Advanced oxidation processes (AOPs) are commonly used for the destruction of persistent trace organic contaminants (TOrCs) that survive conventional wastewater treatment processes. Three types of AOPs, UV/H2O2, sunlight photolysis and photo-Fenton are experimentally investigated and mathematically quantified to anticipate the fate of TOrCs during oxidation processes, specifically addressing the significant effect of reaction by-products and water matrix on oxidation efficiencies.
Hydrogen peroxide UV photolysis is among the most widely used AOPs for the destruction of TOrCs in waters destined for reuse. Previous kinetic models of UV/H2O2 focus on the dynamics of hydroxyl radical production and consumption, as well as the reaction of the target organic with hydroxyl radicals. In this work, we build a predictive kinetic model for the destruction of p-cresol by hydrogen peroxide photolysis based on a complete reaction mechanism that includes reactions of intermediates with hydroxyl radicals. The results show that development of a predictive kinetic model to evaluate process performance requires consideration of the complete reaction mechanism, including reactions of intermediates with hydroxyl radicals. Applying the model to an annular flow-through reactor with reflecting walls, the model mathematically demonstrates that the wall reflectivity significantly enhances the rate of conversion of the target, accounting for the UV light reflection from the reacting walls, as well as the hydrodynamics of the annular flow.
Direct and indirect sunlight photolysis is critically important in the breakdown of contaminants in effluent wastewater. The fate of a suite of TOrCs and estrogenic activity were investigated in an effluent-dependent stream. Some TOrCs, which are not sufficiently attenuated through biodegradation and soil adsorption were destructed obviously with distance of travel in the stream.
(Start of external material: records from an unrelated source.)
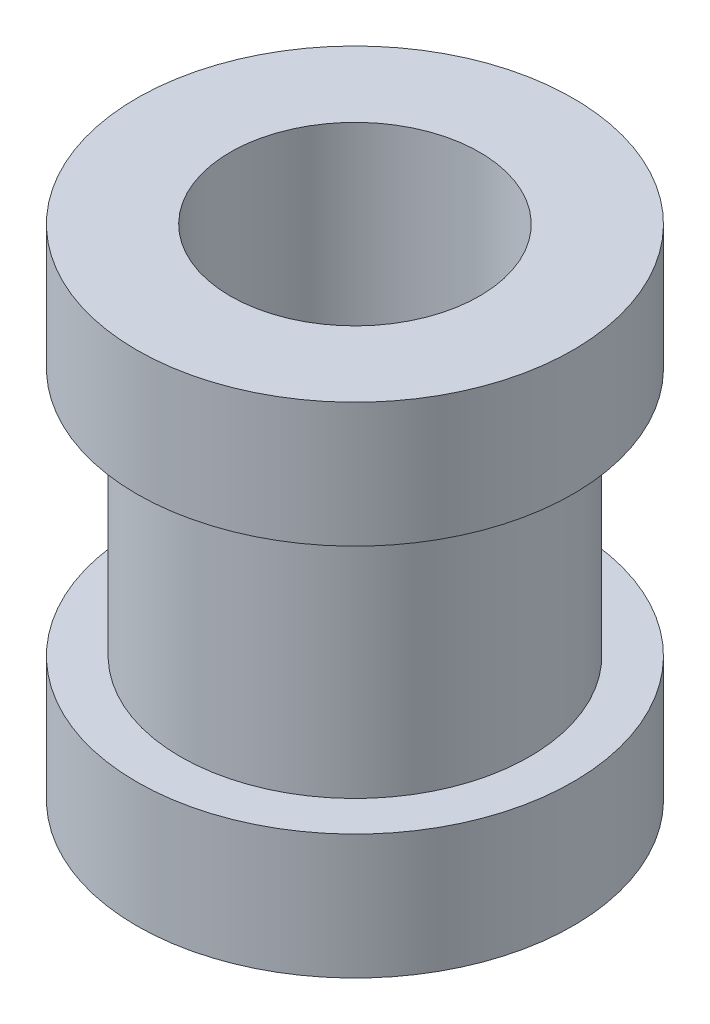
ISO-10303-21;
HEADER;
FILE_DESCRIPTION(('STEP AP214'),'2;1');
FILE_NAME('part.step','',(''),(''),'','','');
FILE_SCHEMA(('AUTOMOTIVE_DESIGN { 1 0 10303 214 1 1 1 1 }'));
ENDSEC;
DATA;
#1=APPLICATION_CONTEXT('core data for automotive mechanical design processes');
#2=APPLICATION_PROTOCOL_DEFINITION('international standard','automotive_design',2000,#1);
#3=PRODUCT_CONTEXT('',#1,'mechanical');
#4=PRODUCT('Part','Part','',(#3));
#5=PRODUCT_RELATED_PRODUCT_CATEGORY('part','',(#4));
#6=PRODUCT_DEFINITION_FORMATION('','',#4);
#7=PRODUCT_DEFINITION_CONTEXT('part definition',#1,'design');
#8=PRODUCT_DEFINITION('design','',#6,#7);
#9=PRODUCT_DEFINITION_SHAPE('','',#8);
#10=(LENGTH_UNIT() NAMED_UNIT(*) SI_UNIT(.MILLI.,.METRE.));
#11=(NAMED_UNIT(*) PLANE_ANGLE_UNIT() SI_UNIT($,.RADIAN.));
#12=(NAMED_UNIT(*) SI_UNIT($,.STERADIAN.) SOLID_ANGLE_UNIT());
#13=UNCERTAINTY_MEASURE_WITH_UNIT(LENGTH_MEASURE(1.E-05),#10,'distance_accuracy_value','');
#14=(GEOMETRIC_REPRESENTATION_CONTEXT(3) GLOBAL_UNCERTAINTY_ASSIGNED_CONTEXT((#13)) GLOBAL_UNIT_ASSIGNED_CONTEXT((#10,
#11,#12)) REPRESENTATION_CONTEXT('',''));
#15=CARTESIAN_POINT('',(0.,0.,0.));
#16=DIRECTION('',(0.,0.,1.));
#17=DIRECTION('',(1.,0.,0.));
#18=AXIS2_PLACEMENT_3D('',#15,#16,#17);
#19=CARTESIAN_POINT('',(0.,2.,0.));
#20=DIRECTION('',(0.,-1.,0.));
#21=DIRECTION('',(0.,0.,-1.));
#22=AXIS2_PLACEMENT_3D('',#19,#20,#21);
#23=CYLINDRICAL_SURFACE('',#22,1.4);
#24=CARTESIAN_POINT('',(0.,1.,0.));
#25=DIRECTION('',(0.,1.,0.));
#26=DIRECTION('',(0.,0.,1.));
#27=AXIS2_PLACEMENT_3D('',#24,#25,#26);
#28=CIRCLE('',#27,1.4);
#29=CARTESIAN_POINT('',(0.,1.,1.4));
#30=VERTEX_POINT('',#29);
#31=EDGE_CURVE('E40',#30,#30,#28,.T.);
#32=ORIENTED_EDGE('',*,*,#31,.F.);
#33=EDGE_LOOP('',(#32));
#34=FACE_BOUND('',#33,.T.);
#35=CARTESIAN_POINT('',(0.,-1.,0.));
#36=DIRECTION('',(0.,-1.,0.));
#37=DIRECTION('',(0.,0.,-1.));
#38=AXIS2_PLACEMENT_3D('',#35,#36,#37);
#39=CIRCLE('',#38,1.4);
#40=CARTESIAN_POINT('',(0.,-1.,-1.4));
#41=VERTEX_POINT('',#40);
#42=EDGE_CURVE('E10',#41,#41,#39,.T.);
#43=ORIENTED_EDGE('',*,*,#42,.F.);
#44=EDGE_LOOP('',(#43));
#45=FACE_BOUND('',#44,.T.);
#46=ADVANCED_FACE('F34',(#34,#45),#23,.T.);
#47=CARTESIAN_POINT('',(0.,1.,0.));
#48=DIRECTION('',(0.,1.,0.));
#49=DIRECTION('',(0.,0.,1.));
#50=AXIS2_PLACEMENT_3D('',#47,#48,#49);
#51=CYLINDRICAL_SURFACE('',#50,1.75);
#52=CARTESIAN_POINT('',(0.,1.,0.));
#53=DIRECTION('',(0.,1.,0.));
#54=DIRECTION('',(0.,0.,1.));
#55=AXIS2_PLACEMENT_3D('',#52,#53,#54);
#56=CIRCLE('',#55,1.75);
#57=CARTESIAN_POINT('',(0.,1.,1.75));
#58=VERTEX_POINT('',#57);
#59=EDGE_CURVE('E44',#58,#58,#56,.T.);
#60=ORIENTED_EDGE('',*,*,#59,.T.);
#61=EDGE_LOOP('',(#60));
#62=FACE_BOUND('',#61,.T.);
#63=CARTESIAN_POINT('',(0.,2.,0.));
#64=DIRECTION('',(0.,1.,0.));
#65=DIRECTION('',(0.,0.,1.));
#66=AXIS2_PLACEMENT_3D('',#63,#64,#65);
#67=CIRCLE('',#66,1.75);
#68=CARTESIAN_POINT('',(0.,2.,1.75));
#69=VERTEX_POINT('',#68);
#70=EDGE_CURVE('E48',#69,#69,#67,.T.);
#71=ORIENTED_EDGE('',*,*,#70,.F.);
#72=EDGE_LOOP('',(#71));
#73=FACE_BOUND('',#72,.T.);
#74=ADVANCED_FACE('F76',(#62,#73),#51,.T.);
#75=CARTESIAN_POINT('',(0.,1.,0.));
#76=DIRECTION('',(0.,1.,0.));
#77=DIRECTION('',(0.,0.,1.));
#78=AXIS2_PLACEMENT_3D('',#75,#76,#77);
#79=PLANE('',#78);
#80=ORIENTED_EDGE('',*,*,#31,.T.);
#81=EDGE_LOOP('',(#80));
#82=FACE_BOUND('',#81,.T.);
#83=ORIENTED_EDGE('',*,*,#59,.F.);
#84=EDGE_LOOP('',(#83));
#85=FACE_BOUND('',#84,.T.);
#86=ADVANCED_FACE('F72',(#82,#85),#79,.F.);
#87=CARTESIAN_POINT('',(0.,2.,0.));
#88=DIRECTION('',(0.,1.,0.));
#89=DIRECTION('',(0.,0.,1.));
#90=AXIS2_PLACEMENT_3D('',#87,#88,#89);
#91=PLANE('',#90);
#92=CARTESIAN_POINT('',(0.,2.,0.));
#93=DIRECTION('',(0.,1.,0.));
#94=DIRECTION('',(0.,0.,1.));
#95=AXIS2_PLACEMENT_3D('',#92,#93,#94);
#96=CIRCLE('',#95,1.);
#97=CARTESIAN_POINT('',(0.,2.,1.));
#98=VERTEX_POINT('',#97);
#99=EDGE_CURVE('E62',#98,#98,#96,.T.);
#100=ORIENTED_EDGE('',*,*,#99,.F.);
#101=EDGE_LOOP('',(#100));
#102=FACE_BOUND('',#101,.T.);
#103=ORIENTED_EDGE('',*,*,#70,.T.);
#104=EDGE_LOOP('',(#103));
#105=FACE_BOUND('',#104,.T.);
#106=ADVANCED_FACE('F68',(#102,#105),#91,.T.);
#107=CARTESIAN_POINT('',(0.,-1.,0.));
#108=DIRECTION('',(0.,-1.,0.));
#109=DIRECTION('',(0.,0.,-1.));
#110=AXIS2_PLACEMENT_3D('',#107,#108,#109);
#111=CYLINDRICAL_SURFACE('',#110,1.75);
#112=CARTESIAN_POINT('',(0.,-1.,0.));
#113=DIRECTION('',(0.,1.,0.));
#114=DIRECTION('',(0.,0.,1.));
#115=AXIS2_PLACEMENT_3D('',#112,#113,#114);
#116=CIRCLE('',#115,1.75);
#117=CARTESIAN_POINT('',(0.,-1.,1.75));
#118=VERTEX_POINT('',#117);
#119=EDGE_CURVE('E52',#118,#118,#116,.T.);
#120=ORIENTED_EDGE('',*,*,#119,.F.);
#121=EDGE_LOOP('',(#120));
#122=FACE_BOUND('',#121,.T.);
#123=CARTESIAN_POINT('',(0.,-2.,0.));
#124=DIRECTION('',(0.,1.,0.));
#125=DIRECTION('',(0.,0.,1.));
#126=AXIS2_PLACEMENT_3D('',#123,#124,#125);
#127=CIRCLE('',#126,1.75);
#128=CARTESIAN_POINT('',(0.,-2.,1.75));
#129=VERTEX_POINT('',#128);
#130=EDGE_CURVE('E54',#129,#129,#127,.T.);
#131=ORIENTED_EDGE('',*,*,#130,.T.);
#132=EDGE_LOOP('',(#131));
#133=FACE_BOUND('',#132,.T.);
#134=ADVANCED_FACE('F71',(#122,#133),#111,.T.);
#135=CARTESIAN_POINT('',(0.,-1.,0.));
#136=DIRECTION('',(0.,-1.,0.));
#137=DIRECTION('',(0.,0.,1.));
#138=AXIS2_PLACEMENT_3D('',#135,#136,#137);
#139=PLANE('',#138);
#140=ORIENTED_EDGE('',*,*,#42,.T.);
#141=EDGE_LOOP('',(#140));
#142=FACE_BOUND('',#141,.T.);
#143=ORIENTED_EDGE('',*,*,#119,.T.);
#144=EDGE_LOOP('',(#143));
#145=FACE_BOUND('',#144,.T.);
#146=ADVANCED_FACE('F89',(#142,#145),#139,.F.);
#147=CARTESIAN_POINT('',(0.,-2.,0.));
#148=DIRECTION('',(0.,1.,0.));
#149=DIRECTION('',(0.,0.,1.));
#150=AXIS2_PLACEMENT_3D('',#147,#148,#149);
#151=PLANE('',#150);
#152=CARTESIAN_POINT('',(0.,-2.,0.));
#153=DIRECTION('',(0.,1.,0.));
#154=DIRECTION('',(0.,0.,1.));
#155=AXIS2_PLACEMENT_3D('',#152,#153,#154);
#156=CIRCLE('',#155,1.);
#157=CARTESIAN_POINT('',(0.,-2.,1.));
#158=VERTEX_POINT('',#157);
#159=EDGE_CURVE('E57',#158,#158,#156,.T.);
#160=ORIENTED_EDGE('',*,*,#159,.T.);
#161=EDGE_LOOP('',(#160));
#162=FACE_BOUND('',#161,.T.);
#163=ORIENTED_EDGE('',*,*,#130,.F.);
#164=EDGE_LOOP('',(#163));
#165=FACE_BOUND('',#164,.T.);
#166=ADVANCED_FACE('F87',(#162,#165),#151,.F.);
#167=CARTESIAN_POINT('',(0.,-2.,0.));
#168=DIRECTION('',(0.,1.,0.));
#169=DIRECTION('',(0.,0.,1.));
#170=AXIS2_PLACEMENT_3D('',#167,#168,#169);
#171=CYLINDRICAL_SURFACE('',#170,1.);
#172=ORIENTED_EDGE('',*,*,#159,.F.);
#173=EDGE_LOOP('',(#172));
#174=FACE_BOUND('',#173,.T.);
#175=ORIENTED_EDGE('',*,*,#99,.T.);
#176=EDGE_LOOP('',(#175));
#177=FACE_BOUND('',#176,.T.);
#178=ADVANCED_FACE('F66',(#174,#177),#171,.F.);
#179=CLOSED_SHELL('',(#46,#74,#86,#106,#134,#146,#166,#178));
#180=MANIFOLD_SOLID_BREP('B2',#179);
#181=ADVANCED_BREP_SHAPE_REPRESENTATION('',(#18,#180),#14);
#182=SHAPE_DEFINITION_REPRESENTATION(#9,#181);
ENDSEC;
END-ISO-10303-21;

Independent experiments, conducted in batch reactor with 17α-ethinylestradiol (EE2) spiked in effluent showed that attenuation of estrogenic compounds maybe due in part to indirect photolysis caused by formation of reactive species from sunlight absorption. Further investigation was conducted using selective probe compounds to characterize reactive species. And results showed that singlet oxygen generated from excited state of effluent organic matter was responsible for essentially all observed transformations of targets in the effluent in Tucson.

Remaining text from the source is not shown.